I did a search, but none of the first few results were much help.

any suggestions?


----------



## RJpuffs (Jan 27, 2008)

Mr.Lordi said:


> I just won a nice new estate pipe off ebay (I'll post the link or pics later) and I am getting ready to clean it, but can't seem to remove the damn stem. It is stuck in there good.
> 
> I did a search, but none of the first few results were much help.
> 
> any suggestions?


Put the pipe into the freezer for a bit, it should come right off.


----------



## Mr.Lordi (May 20, 2007)

RJpuffs said:


> Put the pipe into the freezer for a bit, it should come right off.


 The bowl has a sterling silver case around it. If i put it into the freezer will it crack?


----------



## Mr.Lordi (May 20, 2007)

RJpuffs said:


> Put the pipe into the freezer for a bit, it should come right off.


 Thank you the freezer trick did the job.


----------



## Mister Moo (Sep 8, 2005)

Mr.Lordi said:


> ...freezer trick did the job.


Great news. Sometimes, when cold fails, a hairdryer works - espcially where loose stems have been waxed to improve fit.

When I recently had the same issue, rjpuffs sent me a private message that said to stick the pipe in the toaster oven at 450* for an hour, remove with tongs and plunge it in icewater and then hit it real hard with a hammer. Well, that charred the briar, shattered the stem and left me with a pretty much useless pipe. I just want to say that the quality of 'puffs advice has really improved since last week. Thanks again, 'puffs. And thanks too for that unsolicited tip on how to file a white dot off a Dunhill stem with a wood rasp. It only took two or three passes. :tu


----------



## Mr.Lordi (May 20, 2007)

Mister Moo said:


> Great news. Sometimes, when cold fails, a hairdryer works - espcially where loose stems have been waxed to improve fit.
> 
> When I recently had the same issue, rjpuffs sent me a private message that said to stick the pipe in the toaster oven at 450* for an hour, remove with tongs and plunge it in icewater and then hit it real hard with a hammer. Well, that charred the briar, shattered the stem and left me with a pretty much useless pipe.
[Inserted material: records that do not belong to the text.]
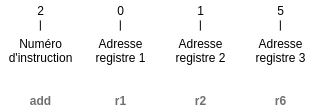

The diagram above was exported from draw.io. Its source (the exported page's mxGraphModel, read from the mxfile embedded in the PNG):
<mxGraphModel dx="386" dy="477" grid="1" gridSize="10" guides="1" tooltips="1" connect="1" arrows="1" fold="1" page="1" pageScale="1" pageWidth="827" pageHeight="1169" math="0" shadow="0">
  <root>
    <mxCell id="0" />
    <mxCell id="1" parent="0" />
    <mxCell id="2" value="2" style="text;html=1;align=center;verticalAlign=middle;resizable=0;points=[];autosize=1;" vertex="1" parent="1">
      <mxGeometry x="130" y="250" width="20" height="20" as="geometry" />
    </mxCell>
    <mxCell id="3" value="0" style="text;html=1;align=center;verticalAlign=middle;resizable=0;points=[];autosize=1;" vertex="1" parent="1">
      <mxGeometry x="210" y="250" width="20" height="20" as="geometry" />
    </mxCell>
    <mxCell id="4" value="1" style="text;html=1;align=center;verticalAlign=middle;resizable=0;points=[];autosize=1;" vertex="1" parent="1">
      <mxGeometry x="290" y="250" width="20" height="20" as="geometry" />
    </mxCell>
    <mxCell id="5" value="5" style="text;html=1;align=center;verticalAlign=middle;resizable=0;points=[];autosize=1;" vertex="1" parent="1">
      <mxGeometry x="370" y="250" width="20" height="20" as="geometry" />
    </mxCell>
    <mxCell id="6" value="Numéro&lt;br&gt;d'instruction" style="text;html=1;align=center;verticalAlign=middle;resizable=0;points=[];autosize=1;" vertex="1" parent="1">
      <mxGeometry x="100" y="285" width="80" height="30" as="geometry" />
    </mxCell>
    <mxCell id="7" value="Adresse&lt;br&gt;registre 1" style="text;html=1;align=center;verticalAlign=middle;resizable=0;points=[];autosize=1;" vertex="1" parent="1">
      <mxGeometry x="185" y="285" width="70" height="30" as="geometry" />
    </mxCell>
    <mxCell id="10" value="add" style="text;html=1;align=center;verticalAlign=middle;resizable=0;points=[];autosize=1;fontColor=#707070;fontStyle=1" vertex="1" parent="1">
      <mxGeometry x="120" y="340" width="40" height="20" as="geometry" />
    </mxCell>
    <mxCell id="11" value="r1" style="text;html=1;align=center;verticalAlign=middle;resizable=0;points=[];autosize=1;fontColor=#707070;fontStyle=1" vertex="1" parent="1">
      <mxGeometry x="205" y="340" width="30" height="20" as="geometry" />
    </mxCell>
    <mxCell id="12" value="r2" style="text;html=1;align=center;verticalAlign=middle;resizable=0;points=[];autosize=1;fontColor=#707070;fontStyle=1" vertex="1" parent="1">
      <mxGeometry x="285" y="340" width="30" height="20" as="geometry" />
    </mxCell>
    <mxCell id="13" value="r6" style="text;html=1;align=center;verticalAlign=middle;resizable=0;points=[];autosize=1;fontColor=#707070;fontStyle=1" vertex="1" parent="1">
      <mxGeometry x="365" y="340" width="30" height="20" as="geometry" />
    </mxCell>
    <mxCell id="14" value="Adresse&lt;br&gt;registre 2" style="text;html=1;align=center;verticalAlign=middle;resizable=0;points=[];autosize=1;" vertex="1" parent="1">
      <mxGeometry x="265" y="285" width="70" height="30" as="geometry" />
    </mxCell>
    <mxCell id="15" value="Adresse&lt;br&gt;registre 3" style="text;html=1;align=center;verticalAlign=middle;resizable=0;points=[];autosize=1;" vertex="1" parent="1">
      <mxGeometry x="345" y="285" width="70" height="30" as="geometry" />
    </mxCell>
    <mxCell id="16" value="" style="endArrow=none;html=1;fontColor=#707070;" edge="1" parent="1">
      <mxGeometry width="50" height="50" relative="1" as="geometry">
        <mxPoint x="219.82999999999998" y="280" as="sourcePoint" />
        <mxPoint x="219.82999999999998" y="270" as="targetPoint" />
      </mxGeometry>
    </mxCell>
    <mxCell id="17" value="" style="endArrow=none;html=1;fontColor=#707070;" edge="1" parent="1">
      <mxGeometry width="50" height="50" relative="1" as="geometry">
        <mxPoint x="139.85999999999999" y="280" as="sourcePoint" />
        <mxPoint x="139.85999999999999" y="270" as="targetPoint" />
      </mxGeometry>
    </mxCell>
    <mxCell id="18" value="" style="endArrow=none;html=1;fontColor=#707070;" edge="1" parent="1">
      <mxGeometry width="50" height="50" relative="1" as="geometry">
        <mxPoint x="299.86" y="280" as="sourcePoint" />
        <mxPoint x="299.86" y="270" as="targetPoint" />
      </mxGeometry>
    </mxCell>
    <mxCell id="19" value="" style="endArrow=none;html=1;fontColor=#707070;" edge="1" parent="1">
      <mxGeometry width="50" height="50" relative="1" as="geometry">
        <mxPoint x="379.86" y="280" as="sourcePoint" />
        <mxPoint x="379.86" y="270" as="targetPoint" />
      </mxGeometry>
    </mxCell>
  </root>
</mxGraphModel>
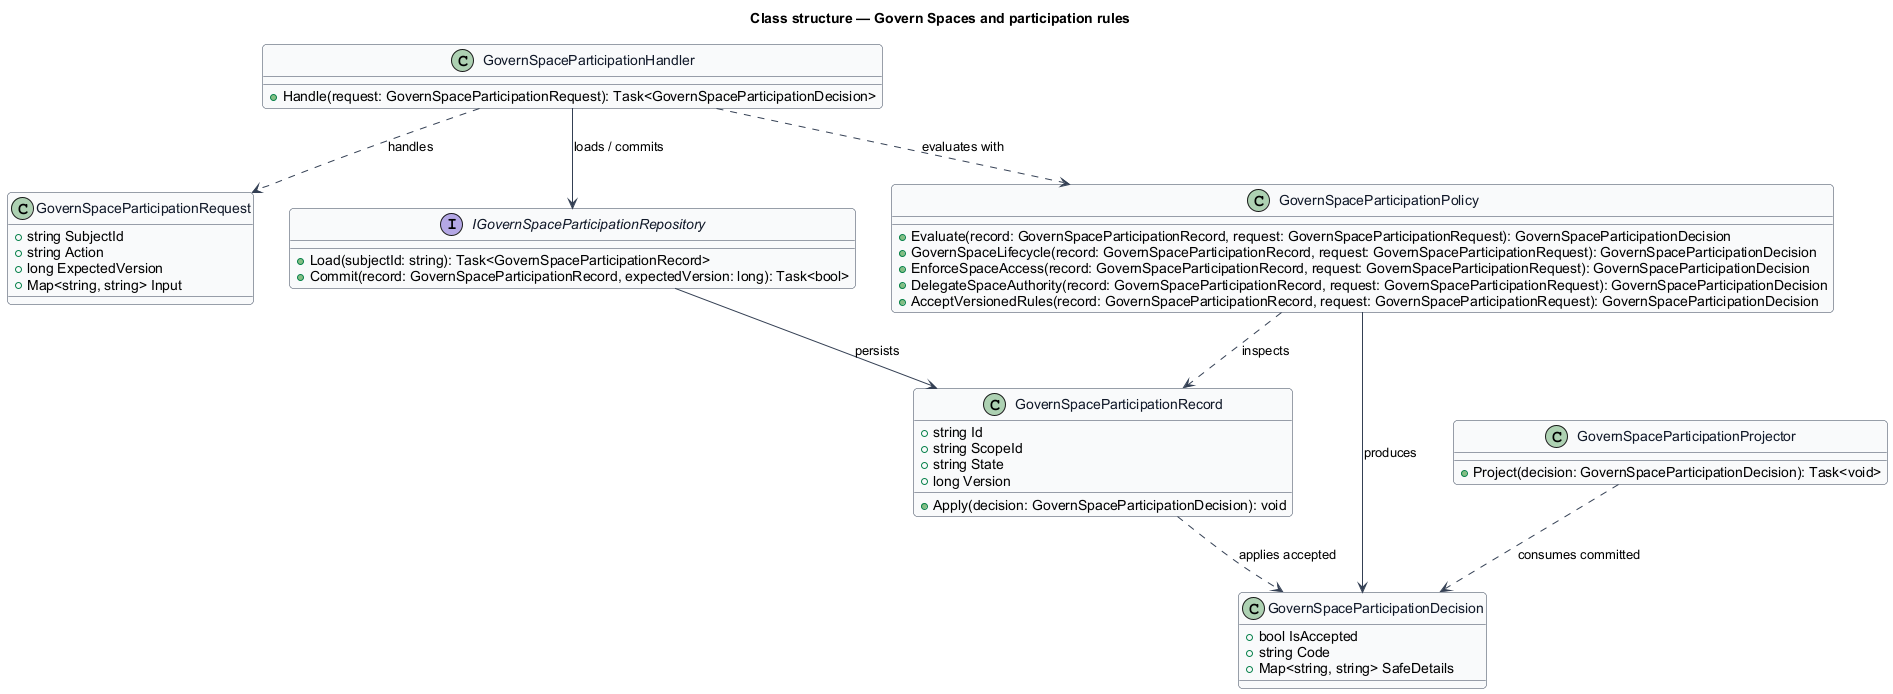

The diagram above was rendered by PlantUML. Its source (embedded in the PNG):
@startuml
skinparam backgroundColor #FFFFFF
skinparam shadowing false
skinparam roundcorner 8
skinparam defaultFontName Arial
skinparam ArrowColor #344054
skinparam class {
  BorderColor #344054
  FontColor #101828
  BackgroundColor #F9FAFB
}
title Class structure — Govern Spaces and participation rules

class GovernSpaceParticipationRequest {
  +string SubjectId
  +string Action
  +long ExpectedVersion
  +Map<string, string> Input
}

class GovernSpaceParticipationDecision {
  +bool IsAccepted
  +string Code
  +Map<string, string> SafeDetails
}

class GovernSpaceParticipationRecord {
  +string Id
  +string ScopeId
  +string State
  +long Version
  +Apply(decision: GovernSpaceParticipationDecision): void
}

interface IGovernSpaceParticipationRepository {
  +Load(subjectId: string): Task<GovernSpaceParticipationRecord>
  +Commit(record: GovernSpaceParticipationRecord, expectedVersion: long): Task<bool>
}

class GovernSpaceParticipationPolicy {
  +Evaluate(record: GovernSpaceParticipationRecord, request: GovernSpaceParticipationRequest): GovernSpaceParticipationDecision
  +GovernSpaceLifecycle(record: GovernSpaceParticipationRecord, request: GovernSpaceParticipationRequest): GovernSpaceParticipationDecision
  +EnforceSpaceAccess(record: GovernSpaceParticipationRecord, request: GovernSpaceParticipationRequest): GovernSpaceParticipationDecision
  +DelegateSpaceAuthority(record: GovernSpaceParticipationRecord, request: GovernSpaceParticipationRequest): GovernSpaceParticipationDecision
  +AcceptVersionedRules(record: GovernSpaceParticipationRecord, request: GovernSpaceParticipationRequest): GovernSpaceParticipationDecision
}

class GovernSpaceParticipationHandler {
  +Handle(request: GovernSpaceParticipationRequest): Task<GovernSpaceParticipationDecision>
}

class GovernSpaceParticipationProjector {
  +Project(decision: GovernSpaceParticipationDecision): Task<void>
}

GovernSpaceParticipationHandler ..> GovernSpaceParticipationRequest : handles
GovernSpaceParticipationHandler ..> GovernSpaceParticipationPolicy : evaluates with
GovernSpaceParticipationHandler --> IGovernSpaceParticipationRepository : loads / commits
IGovernSpaceParticipationRepository --> GovernSpaceParticipationRecord : persists
GovernSpaceParticipationPolicy ..> GovernSpaceParticipationRecord : inspects
GovernSpaceParticipationPolicy --> GovernSpaceParticipationDecision : produces
GovernSpaceParticipationRecord ..> GovernSpaceParticipationDecision : applies accepted
GovernSpaceParticipationProjector ..> GovernSpaceParticipationDecision : consumes committed
@enduml

I just want to say that the quality of 'puffs advice has really improved since last week. Thanks again, 'puffs. And thanks too for that unsolicited tip on how to file a white dot off a Dunhill stem with a wood rasp. It only took two or three passes. :tu


Ah, what would club stogi...er, puff.com be with you, my good sir? lol

Here is the before pic, btw:

I'll throw up an after pic later on.


----------



## Griz (May 10, 2009)

Pretty neat looking pipe! Look forward to the "after" pics.


----------



## RJpuffs (Jan 27, 2008)

Mister Moo said:


> Great news. Sometimes, when cold fails, a hairdryer works - espcially where loose stems have been waxed to improve fit.
> 
> When I recently had the same issue, rjpuffs sent me a private message that said to stick the pipe in the toaster oven at 450* for an hour, remove with tongs and plunge it in icewater and then hit it real hard with a hammer. Well, that charred the briar, shattered the stem and left me with a pretty much useless pipe. I just want to say that the quality of 'puffs advice has really improved since last week. Thanks again, 'puffs. And thanks too for that unsolicited tip on how to file a white dot off a Dunhill stem with a wood rasp. It only took two or three passes. :tu


The dot on a Dunhill must always point to the ground (down), especially if its a bent. Easier to just sand it off ipe:


----------



## plexiprs (Nov 18, 2005)

RJpuffs said:


> Put the pipe into the freezer for a bit, it should come right off.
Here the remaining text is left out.